I would say it depends. If there is a reasonable chance that the average person on the mountain would mistake you for a ski patrol guy, then you really should not be wearing that outfit. If it is clear that you are not ski patrol, then it is a douche move to make you take off/change the jacket.
It is a judgment call and I do not think we have enough information to make that judgment (not having seen the jacket, etc.).


----------



## Powhound97 (Nov 24, 2012)

I'm 5' 10" so I could see why someone would think I'm an adult, but I'm 15 almost 16 
Pretty sure most 15 year olds haven't taken a basic EMT exam 
(You have to have that to do ski patrol)

I was riding a snowboard, I'm pretty sure they call it ski patrol for a reason.... 
I think I may have seen 1 ski patrol person on a snowboard at some point, not sure though. 

It's an LL bean anorak shell jacket
It looks nothing like a ski patrol jacket.


----------



## Toecutter (Oct 11, 2009)

post a pic of the jacket


----------



## gjsnowboarder (Sep 1, 2009)

Just cause its ski patrol doesn't mean that it is just skiers. Ski patrol is open to any of the disciplines. While it is a little lame that they wanted you not to wear the jacket and were trying to get you not to wear it understand they did have some real safety concerns with someone confusing you with them but could also be one of them confusing you with another patroller. Granted by the sounds of it isn't likely, but the similarities was enough that they noticed you in the first place. Because a resort is a business they can decided to refuse service.
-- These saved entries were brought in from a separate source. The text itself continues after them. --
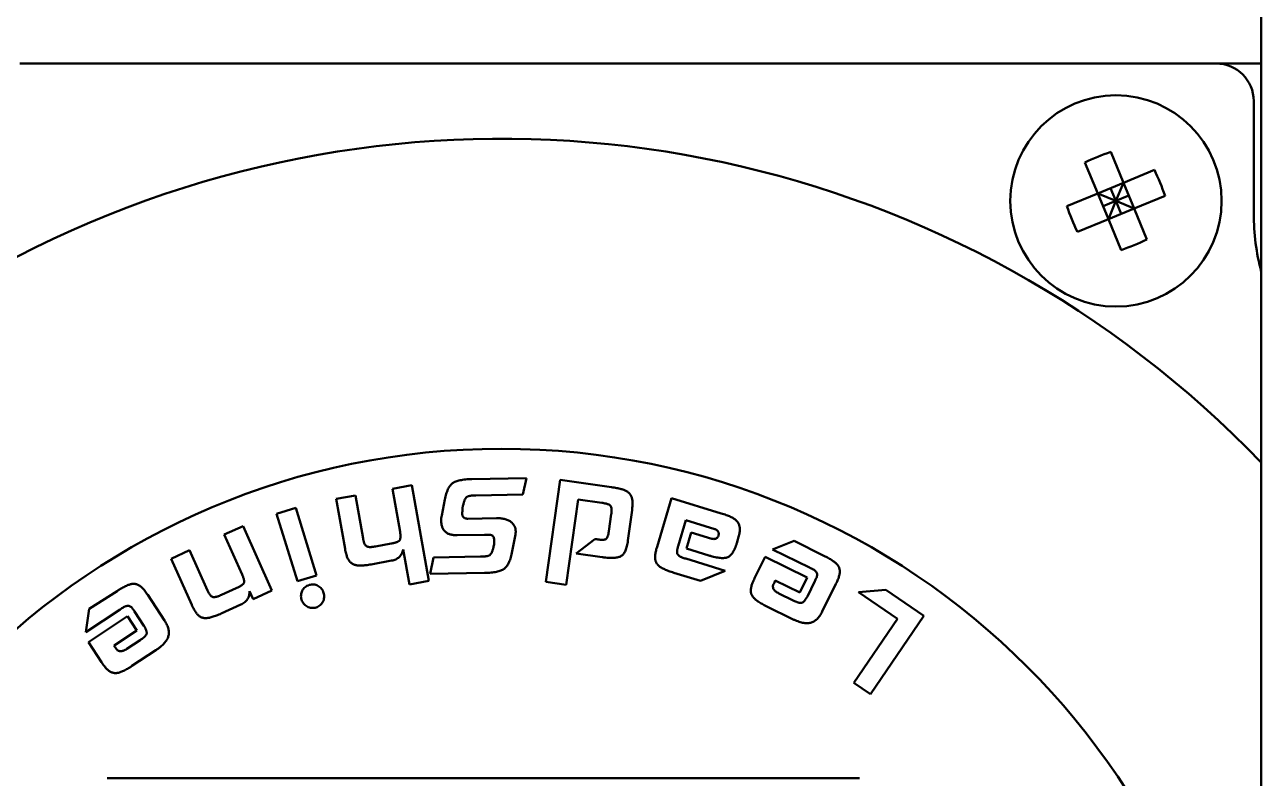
# Model space of a CAD drawing. Header units: millimetres. Extents: x 845401 to 948039, y 511594 to 550263.
# Drawn here: x 913676.32 to 913709.19, y 544587.22 to 544607.25 of the extents above; entities that cross this region are included whole.
import ezdxf

# ---------------------------------------------------------------- set-up
doc = ezdxf.new("R2010")
doc.units = ezdxf.units.MM
doc.layers.add('可见 (ISO)', color=7, linetype='Continuous', lineweight=50)

# ---------------------------------------------------------------- blocks, each defined once
blk = doc.blocks.new('A$C2A4E01FC')
at = {"layer": '可见 (ISO)', "color": 251}
for p, q in [((1352.5, 703.351), (1352.5, 450.351)), ((1351.3, 581.351), (1319.5, 581.351)), ((1351.3, 581.351), (1352.5, 581.351)), ((1352.3, 577.351), (1352.3, 580.351)), ((1348.836, 578.181), (1348.497, 579.003)), ((1347.813, 578.721), (1348.152, 577.898)), ((1349.659, 578.521), (1348.836, 578.181)), ((1348.152, 577.898), (1347.33, 577.558)), ((1348.836, 578.181), (1348.152, 577.898)), ((1348.152, 577.898), (1348.435, 577.214)), ((1348.152, 577.898), (1348.636, 577.698)), ((1348.636, 577.698), (1348.494, 578.04)), ((1348.636, 577.698), (1348.836, 578.181)), ((1349.119, 577.497), (1348.836, 578.181)), ((1348.636, 577.698), (1348.294, 577.556)), ((1348.636, 577.698), (1348.435, 577.214)), ((1348.636, 577.698), (1348.978, 577.839)), ((1349.119, 577.497), (1348.636, 577.698)), ((1348.636, 577.698), (1348.777, 577.356)), ((1349.119, 577.497), (1349.941, 577.837)), ((1348.435, 577.214), (1349.119, 577.497)), ((1349.459, 576.674), (1349.119, 577.497)), ((1347.613, 576.875), (1348.435, 577.214)), ((1348.435, 577.214), (1348.775, 576.392)), ((1329.4, 570.047), (1329.92, 570.142)), ((1329.604, 568.899), (1329.4, 570.047)), ((1329.92, 570.142), (1330.37, 567.595)), ((1331.517, 570.304), (1332.964, 570.329)), ((1332.964, 570.329), (1332.873, 569.892)), ((1333.478, 567.57), (1333.863, 570.282)), ((1333.863, 570.282), (1335.227, 570.09)), ((1327.906, 569.776), (1328.419, 569.869)), ((1328.144, 568.451), (1327.906, 569.776)), ((1328.419, 569.869), (1328.623, 568.721)), ((1330.712, 569.339), (1330.795, 569.759)), ((1332.873, 569.892), (1331.619, 569.871)), ((1334.336, 569.761), (1334.017, 567.494)), ((1334.967, 569.673), (1334.336, 569.761)), ((1336.437, 568.507), (1336.819, 569.798)), ((1336.819, 569.798), (1338.144, 569.393)), ((1326.321, 569.383), (1326.833, 569.543)), ((1326.88, 567.586), (1326.321, 569.383)), ((1326.833, 569.543), (1327.388, 567.744)), ((1331.278, 569.589), (1331.267, 569.531)), ((1335.158, 568.922), (1335.221, 569.371)), ((1335.773, 569.476), (1335.664, 568.67)), ((1324.932, 568.827), (1325.432, 569.053)), ((1325.432, 569.053), (1326.197, 567.338)), ((1331.41, 569.251), (1332.169, 569.264)), ((1337.201, 569.211), (1336.999, 568.524)), ((1337.971, 568.975), (1337.201, 569.211)), ((1325.409, 567.764), (1324.932, 568.827)), ((1331.852, 568.824), (1331.124, 568.811)), ((1332.673, 568.832), (1332.576, 568.342)), ((1334.291, 568.325), (1334.781, 568.711)), ((1334.781, 568.711), (1334.839, 568.703)), ((1337.216, 568.457), (1337.344, 568.888)), ((1337.344, 568.888), (1337.897, 568.719)), ((1338.587, 568.701), (1338.557, 568.604)), ((1323.517, 568.188), (1324.009, 568.411)), ((1324.009, 568.411), (1324.486, 567.346)), ((1328.955, 568.515), (1329.366, 568.59)), ((1329.854, 567.501), (1329.69, 568.43)), ((1332.091, 568.511), (1332.103, 568.566)), ((1337.815, 568.274), (1337.216, 568.457)), ((1339.507, 568.434), (1340.083, 568.665)), ((1340.491, 567.951), (1339.507, 568.434)), ((1340.083, 568.665), (1340.872, 568.266)), ((1324.067, 566.961), (1323.517, 568.188)), ((1329.382, 568.136), (1328.835, 568.036)), ((1330.407, 567.784), (1330.493, 568.22)), ((1330.493, 568.22), (1331.748, 568.242)), ((1334.978, 568.229), (1334.291, 568.325)), ((1337.199, 568.189), (1338.247, 567.868)), ((1339.032, 567.668), (1339.315, 568.236)), ((1339.315, 568.236), (1340.432, 567.689)), ((1326.88, 567.586), (1327.388, 567.744)), ((1331.854, 567.809), (1330.407, 567.784)), ((1337.592, 567.601), (1336.88, 567.815)), ((1338.247, 567.868), (1337.592, 567.601)), ((1324.857, 567.227), (1325.249, 567.404)), ((1330.37, 567.595), (1329.854, 567.501)), ((1333.478, 567.57), (1334.017, 567.494)), ((1340.23, 567.287), (1339.58, 567.605)), ((1340.432, 567.689), (1340.23, 567.287)), ((1340.434, 567.187), (1340.632, 567.591)), ((1341.193, 567.517), (1340.831, 566.787)), ((1321.343, 566.852), (1322.088, 567.329)), ((1322.897, 567.225), (1323.342, 566.543)), ((1325.698, 567.113), (1325.605, 567.329)), ((1326.197, 567.338), (1325.698, 567.113)), ((1339.676, 567.266), (1340.059, 567.078)), ((1341.791, 567.3), (1342.52, 567.358)), ((1341.791, 567.3), (1342.832, 566.592)), ((1342.52, 567.358), (1343.528, 566.667)), ((1321.251, 566.238), (1321.343, 566.852)), ((1322.165, 566.841), (1321.251, 566.238)), ((1322.797, 566.404), (1322.549, 566.78)), ((1325.374, 566.967), (1324.853, 566.732)), ((1340.038, 566.584), (1339.353, 566.919)), ((1321.324, 565.972), (1322.362, 566.657)), ((1322.362, 566.657), (1322.607, 566.279)), ((1341.671, 564.888), (1342.832, 566.592)), ((1343.528, 566.667), (1342.11, 564.589)), ((1322.607, 566.279), (1322.003, 565.881)), ((1321.67, 565.44), (1321.324, 565.972)), ((1322.343, 565.791), (1322.699, 566.026)), ((1323.115, 565.757), (1322.479, 565.337)), ((1342.11, 564.589), (1341.671, 564.888)), ((1341.815, 562.351), (1321.815, 562.351))]:
    blk.add_line(p, q, dxfattribs=at)
for centre, radius in [((1348.636, 577.698), 2.808), ((1332.3, 551.351), 19.758)]:
    blk.add_circle(centre, radius, dxfattribs=at)
for centre, radius, start, end in [((1351.3, 580.351), 1, 0, 90), ((1332.3, 551.351), 28, 43.8274, 316.1726), ((1358.3, 577.351), 6, 180, 194.8351)]:
    blk.add_arc(centre, radius, start, end, dxfattribs=at)
for centre, major_axis, start_param, end_param in [((1349.243, 576.229), (4.229, 1.747), 1.48985, 1.651743), ((1347.167, 577.091), (1.747, -4.229), 1.48985, 1.651743), ((1350.105, 578.304), (-1.747, 4.229), 1.48985, 1.651743), ((1348.029, 579.166), (4.229, 1.747), 4.631443, 4.793335)]:
    blk.add_ellipse(centre, major_axis=major_axis, ratio=0.624695, start_param=start_param, end_param=end_param, dxfattribs=at)
for points, knots in [([(1330.795, 569.759), (1330.801, 569.786), (1330.811, 569.836), (1330.83, 569.909), (1330.853, 569.973), (1330.877, 570.032), (1330.904, 570.082), (1330.933, 570.127), (1330.965, 570.164), (1331, 570.195), (1331.041, 570.219), (1331.087, 570.241), (1331.141, 570.259), (1331.202, 570.274), (1331.271, 570.286), (1331.346, 570.295), (1331.429, 570.301), (1331.487, 570.303), (1331.517, 570.304)], [0, 0, 0, 0, 0.000080812, 0.000154907, 0.000222995, 0.000285379, 0.000342864, 0.000394915, 0.000443638, 0.000488385, 0.000534205, 0.000584628, 0.000641124, 0.000703317, 0.000772628, 0.000848124, 0.000931202, 0.001020875, 0.001020875, 0.001020875, 0.001020875]), ([(1335.227, 570.09), (1335.251, 570.086), (1335.297, 570.08), (1335.363, 570.067), (1335.424, 570.054), (1335.478, 570.04), (1335.527, 570.025), (1335.571, 570.009), (1335.609, 569.992), (1335.631, 569.979), (1335.642, 569.973)], [0, 0, 0, 0, 0.0000726953, 0.0001395338, 0.0002014905, 0.000257649, 0.0003092173, 0.0003550681, 0.0003968602, 0.0004333728, 0.0004333728, 0.0004333728, 0.0004333728]), ([(1331.384, 569.83), (1331.378, 569.825), (1331.365, 569.815), (1331.35, 569.795), (1331.335, 569.772), (1331.322, 569.744), (1331.309, 569.711), (1331.297, 569.674), (1331.287, 569.633), (1331.281, 569.604), (1331.278, 569.589)], [0, 0, 0, 0, 0.0000223029, 0.0000470477, 0.0000747987, 0.0001054517, 0.0001397768, 0.0001781525, 0.0002198471, 0.0002657949, 0.0002657949, 0.0002657949, 0.0002657949]), ([(1331.619, 569.871), (1331.604, 569.87), (1331.576, 569.87), (1331.537, 569.867), (1331.501, 569.864), (1331.469, 569.859), (1331.442, 569.854), (1331.419, 569.847), (1331.399, 569.84), (1331.388, 569.833), (1331.384, 569.83)], [0, 0, 0, 0, 0.0000441411, 0.0000838428, 0.0001196448, 0.0001516471, 0.0001793849, 0.0002035528, 0.0002241455, 0.0002414163, 0.0002414163, 0.0002414163, 0.0002414163]), ([(1335.642, 569.973), (1335.652, 569.966), (1335.672, 569.952), (1335.699, 569.927), (1335.722, 569.899), (1335.741, 569.868), (1335.758, 569.834), (1335.77, 569.797), (1335.778, 569.757), (1335.781, 569.73), (1335.783, 569.716)], [0, 0, 0, 0, 0.0000366251, 0.0000727821, 0.0001083055, 0.0001441428, 0.0001810637, 0.0002196023, 0.000259807, 0.0003023001, 0.0003023001, 0.0003023001, 0.0003023001]), ([(1335.783, 569.716), (1335.784, 569.699), (1335.786, 569.663), (1335.784, 569.606), (1335.78, 569.543), (1335.775, 569.499), (1335.773, 569.476)], [0, 0, 0, 0, 0.0000509442, 0.0001075287, 0.0001704497, 0.0002398021, 0.0002398021, 0.0002398021, 0.0002398021]), ([(1331.267, 569.531), (1331.266, 569.515), (1331.263, 569.484), (1331.261, 569.442), (1331.259, 569.406), (1331.259, 569.384), (1331.259, 569.375)], [0, 0, 0, 0, 0.000049411, 0.0000919299, 0.0001276354, 0.0001565072, 0.0001565072, 0.0001565072, 0.0001565072]), ([(1331.259, 569.375), (1331.26, 569.365), (1331.261, 569.346), (1331.268, 569.32), (1331.28, 569.298), (1331.298, 569.28), (1331.319, 569.266), (1331.346, 569.256), (1331.377, 569.252), (1331.399, 569.251), (1331.41, 569.251)], [0, 0, 0, 0, 0.0000291368, 0.000055262, 0.0000794777, 0.0001035387, 0.0001281367, 0.0001554893, 0.0001854733, 0.0002200943, 0.0002200943, 0.0002200943, 0.0002200943]), ([(1335.132, 569.637), (1335.123, 569.64), (1335.103, 569.648), (1335.067, 569.656), (1335.02, 569.664), (1334.986, 569.67), (1334.967, 569.673)], [0, 0, 0, 0, 0.0000270041, 0.0000643043, 0.0001114376, 0.0001686981, 0.0001686981, 0.0001686981, 0.0001686981]), ([(1335.229, 569.513), (1335.228, 569.527), (1335.224, 569.555), (1335.203, 569.591), (1335.172, 569.62), (1335.145, 569.631), (1335.132, 569.637)], [0, 0, 0, 0, 0.0000424108, 0.0000821287, 0.0001222929, 0.0001667557, 0.0001667557, 0.0001667557, 0.0001667557]), ([(1335.221, 569.371), (1335.222, 569.386), (1335.225, 569.413), (1335.228, 569.452), (1335.23, 569.484), (1335.23, 569.504), (1335.229, 569.513)], [0, 0, 0, 0, 0.0000443411, 0.000082382, 0.0001152656, 0.000141877, 0.000141877, 0.000141877, 0.000141877]), ([(1338.144, 569.393), (1338.167, 569.385), (1338.212, 569.371), (1338.275, 569.35), (1338.333, 569.327), (1338.385, 569.305), (1338.431, 569.282), (1338.47, 569.259), (1338.506, 569.237), (1338.525, 569.22), (1338.535, 569.212)], [0, 0, 0, 0, 0.00007247, 0.0001395726, 0.0002015642, 0.0002575822, 0.0003086964, 0.0003550858, 0.0003963589, 0.0004329445, 0.0004329445, 0.0004329445, 0.0004329445]), ([(1330.712, 569.339), (1330.708, 569.315), (1330.699, 569.268), (1330.699, 569.221), (1330.699, 569.197)], [0, 0, 0, 0, 0.0000722028, 0.0001430682, 0.0001430682, 0.0001430682, 0.0001430682]), ([(1330.699, 569.197), (1330.7, 569.181), (1330.701, 569.15), (1330.706, 569.106), (1330.715, 569.064), (1330.727, 569.026), (1330.743, 568.99), (1330.761, 568.958), (1330.783, 568.929), (1330.809, 568.903), (1330.837, 568.88), (1330.869, 568.861), (1330.903, 568.844), (1330.941, 568.832), (1330.983, 568.821), (1331.027, 568.815), (1331.075, 568.811), (1331.107, 568.811), (1331.124, 568.811)], [0, 0, 0, 0, 0.0000473078, 0.0000921039, 0.0001341449, 0.0001736439, 0.0002116858, 0.0002487373, 0.0002848546, 0.0003202596, 0.0003562804, 0.0003926553, 0.0004306514, 0.0004705013, 0.0005122515, 0.0005572028, 0.0006040603, 0.0006546929, 0.0006546929, 0.0006546929, 0.0006546929]), ([(1332.169, 569.264), (1332.19, 569.264), (1332.231, 569.264), (1332.291, 569.259), (1332.347, 569.252), (1332.399, 569.24), (1332.446, 569.225), (1332.49, 569.206), (1332.531, 569.184), (1332.555, 569.165), (1332.566, 569.156)], [0, 0, 0, 0, 0.0000633712, 0.0001229515, 0.0001795221, 0.000232238, 0.0002821593, 0.0003297834, 0.000375891, 0.0004200264, 0.0004200264, 0.0004200264, 0.0004200264]), ([(1332.566, 569.156), (1332.583, 569.14), (1332.617, 569.108), (1332.652, 569.049), (1332.675, 568.983), (1332.678, 568.936), (1332.679, 568.912)], [0, 0, 0, 0, 0.0000695655, 0.0001357939, 0.0002029472, 0.0002737938, 0.0002737938, 0.0002737938, 0.0002737938]), ([(1338.535, 569.212), (1338.544, 569.204), (1338.562, 569.187), (1338.585, 569.157), (1338.605, 569.126), (1338.619, 569.092), (1338.63, 569.056), (1338.637, 569.018), (1338.64, 568.977), (1338.638, 568.949), (1338.638, 568.935)], [0, 0, 0, 0, 0.0000379866, 0.0000746365, 0.0001111991, 0.0001476567, 0.0001848651, 0.0002239101, 0.0002641567, 0.0003071461, 0.0003071461, 0.0003071461, 0.0003071461]), ([(1328.623, 568.721), (1328.626, 568.707), (1328.631, 568.68), (1328.64, 568.643), (1328.649, 568.612), (1328.656, 568.593), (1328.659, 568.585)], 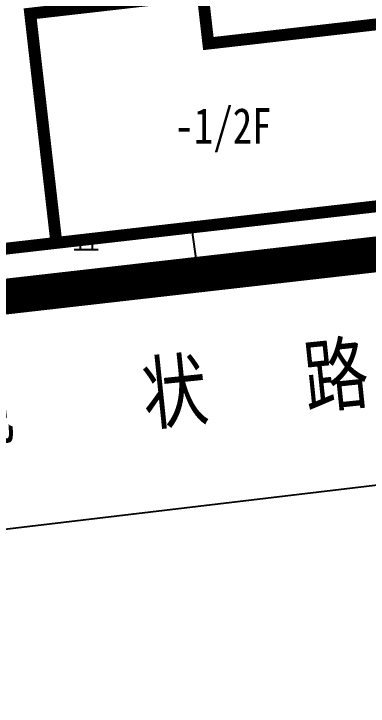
# Model space of a CAD drawing. Extents: x -809667 to 586099, y 3084146 to 3634412.
# Drawn here: x 381294.08 to 381308.98, y 3086078.91 to 3086108.01 of the extents above; entities that cross this region are included whole.
import ezdxf
from ezdxf.enums import TextEntityAlignment as Align

# ---------------------------------------------------------------- set-up
doc = ezdxf.new("R2010")
doc.units = 0
doc.header["$LTSCALE"] = 0.5
doc.layers.get('0').update_dxf_attribs({"linetype": 'CONTINUOUS'})
doc.layers.add('文字', color=7, linetype='CONTINUOUS')
doc.styles.add('DIMST', font='', dxfattribs={"width": 0.8})
doc.styles.add('HZ', font='', dxfattribs={"width": 0.8})
doc.styles.get('DIMST').set_extended_font_data('SimSun')
doc.styles.get('HZ').set_extended_font_data('NSimSun')

# ---------------------------------------------------------------- blocks, each defined once
blk = doc.blocks.new('gc119')
at = {"color": 0}
for p, q in [((-0.5, 1), (-0.5, 0)), ((0.5, 1), (0.5, 0)), ((-1, 0), (1, 0))]:
    blk.add_line(p, q, dxfattribs=at)
blk = doc.blocks.new('23424')
at = {"layer": '文字', "color": 8, "linetype": 'Continuous'}
for p, q in [((382088.785, 3087629.463, -859.056), (381964.126, 3087615.205, -859.056)), ((381954.604, 3087604.006, -859.056), (382090.15, 3087620.08, -859.056))]:
    blk.add_line(p, q, dxfattribs=at)
at = {"layer": '文字', "color": 8, "linetype": 'Continuous', "flags": 128}
for points, const_width in [([(381912.248, 3087729.697), (381918.707, 3087733.797), (382022.971, 3087808.807), (382085.251, 3087680.655), (382122.979, 3087633.36), (381994.673, 3087618.736), (381946.121, 3087613.203), (381925.771, 3087600.48), (381864.955, 3087697.754), (381885.305, 3087710.477), (381885.305, 3087710.477), (381885.305, 3087710.477), (381912.248, 3087729.697)], 0.5), ([(381946.121, 3087613.203), (381994.673, 3087618.736), (382122.979, 3087633.36), (382085.357, 3087680.522), (382079.341, 3087692.816), (382078.756, 3087691.314), (382079.068, 3087689.497), (382078.011, 3087686.364), (382075.533, 3087683.035), (382011.093, 3087637.014), (382008.188, 3087643.04), (381997.553, 3087635.653), (381988.443, 3087636.172), (381958.673, 3087631.192)], 1.5)]:
    blk.add_lwpolyline(points, dxfattribs=dict(at, const_width=const_width))
at = {"layer": '文字', "color": 8, "linetype": 'Continuous', "const_width": 0.5, "flags": 128}
for points in [[(382031.375, 3087651.509), (382078.657, 3087685.277), (382087.259, 3087673.233), (382095.357, 3087663.139), (382111.738, 3087642.615), (382108.052, 3087633.691), (382034.372, 3087625.273)], [(382041.526, 3087626.091), (382108.052, 3087633.691), (382111.738, 3087642.615), (382095.357, 3087663.138), (382089.417, 3087658.397), (382101.577, 3087643.163), (382100.467, 3087640.474), (382047.916, 3087634.47), (382047.677, 3087636.557), (382040.425, 3087635.728)]]:
    blk.add_lwpolyline(points, close=True, dxfattribs=at)
at = {"layer": '文字', "color": 8, "linetype": 'Continuous', "const_width": 0.3}
blk.add_lwpolyline([(382047.677, 3087636.557), (382096.929, 3087642.183, 0.589508), (382097.865, 3087644.448), (382087.776, 3087657.087), (382089.417, 3087658.397), (382101.577, 3087643.163), (382100.467, 3087640.474), (382047.916, 3087634.47)], format="xyb", close=True, dxfattribs=at)
at = {"layer": '文字', "color": 8, "linetype": 'Continuous'}
for points in [[(382047.518, 3087624.522), (382058.503, 3087625.306), (382089.44, 3087628.806), (382122.784, 3087632.556), (382111.003, 3087648.306), (382110.784, 3087648.556)], [(382047.213, 3087626.738), (382047.518, 3087624.522), (381964.524, 3087614.902), (381964.018, 3087616.26)]]:
    blk.add_lwpolyline(points, dxfattribs=at)
at = {"layer": '文字', "color": 8, "linetype": 'Continuous', "flags": 128}
blk.add_lwpolyline([(382040.559, 3087635.541), (382041.652, 3087626.104)], dxfattribs=at)
at = {"layer": '文字', "color": 8, "linetype": 'Continuous', "xscale": 0.5, "yscale": 0.5}
blk.add_blockref('gc119', (382042.78, 3087625.815), dxfattribs=at)
at = {"layer": '文字', "color": 8, "linetype": 'Continuous', "style": 'HZ', "width": 0.8}
blk.add_text('-1/2F', height=1.5, dxfattribs=at).set_placement((382048.533, 3087630.89), align=Align.MIDDLE)
at = {"layer": '文字', "color": 8, "linetype": 'Continuous', "insert": (382036.889, 3087620.111), "char_height": 2.5, "width": 81.40314, "attachment_point": 1, "rotation": 5.9023, "style": 'DIMST'}
blk.add_mtext('{\\fSimHei|b0|i0|c134|p49;现    状   路}', dxfattribs=at)

msp = doc.modelspace()

# ---------------------------------------------------------------- block references
at = {"layer": '文字', "color": 8, "linetype": 'Continuous'}
msp.add_blockref('23424', (-745.658, -1527.708), dxfattribs=at)

doc.saveas('drawing.dxf')

Not necessarily fair but that's life. I say it isn't worth the time to get to upset about it. Heck one day you may need them and I believe in not screwing with karma. Plus I'd rather ride incognito anyways and it doesn't sound like that jacket would do the trick.


----------



## poutanen (Dec 22, 2011)

Tell them your swiss and it's part of your national flag, and you feel that they're discriminating against the swiss. Should shut them up quick! :yahoo:


----------



## IdahoFreshies (Jul 9, 2011)

I agree with the above statement that if they tell you that you cant wear it then they need to buy you a new one. Ask them if anywhere in the rules on the issue and what specifically they are. You did not order the same jacket ski patrol wears so you are not impersonating them, and even so i dont think it's a crime to impersonate ski patrol anyway. They might as well ban all red colored jackets because form a quick glance it "might" look like a ski patrol person. They cant press any legal charges so talk to a manager and tell them to deal with it.


----------



## Richie67 (Oct 11, 2012)

Wear it again, see are you pulled again. I'd say this is one patroller being a dick, the rest probably couldn't care less.


----------



## BurtonAvenger (Aug 14, 2007)

No it's not weird. NSP has some protocol somewhere I'd have to dig up if I felt compelled to but frankly I don't give a fuck about uniforms. The point is red with a white cross = NSP regardless if they use the red/black/white or the red/white it's still a symbol of help to the average Joe. Dude was just pointing out the possibility for confusion nothing more.


----------



## tigre (Mar 5, 2012)

1. Get a red Sharpie. 
2. Color over the cross.


----------



## slyder (Jan 18, 2010)

Not sure if its worth going to war over either. I"m a guy that doesn't make waves but if I'm accused of something that I feel I"m not wrong on or didn't do I'll go down with a huge fight. Don't think this is the case but your call 

Not sure how expensive or if this is your fav jacket but you could just simply remove the cross.
Stitch removal tool so you don't damage the material. Might leave the holes behind but over time the threads will swell with moisture and close up.


----------



## jdmccright (Apr 8, 2011)

IdahoFreshies said:


> I agree with the above statement that if they tell you that you cant wear it then they need to buy you a new one. Ask them if anywhere in the rules on the issue and what specifically they are. You did not order the same jacket ski patrol wears so you are not impersonating them, and even so i dont think it's a crime to impersonate ski patrol anyway. They might as well ban all red colored jackets because form a quick glance it "might" look like a ski patrol person. They cant press any legal charges so talk to a manager and tell them to deal with it.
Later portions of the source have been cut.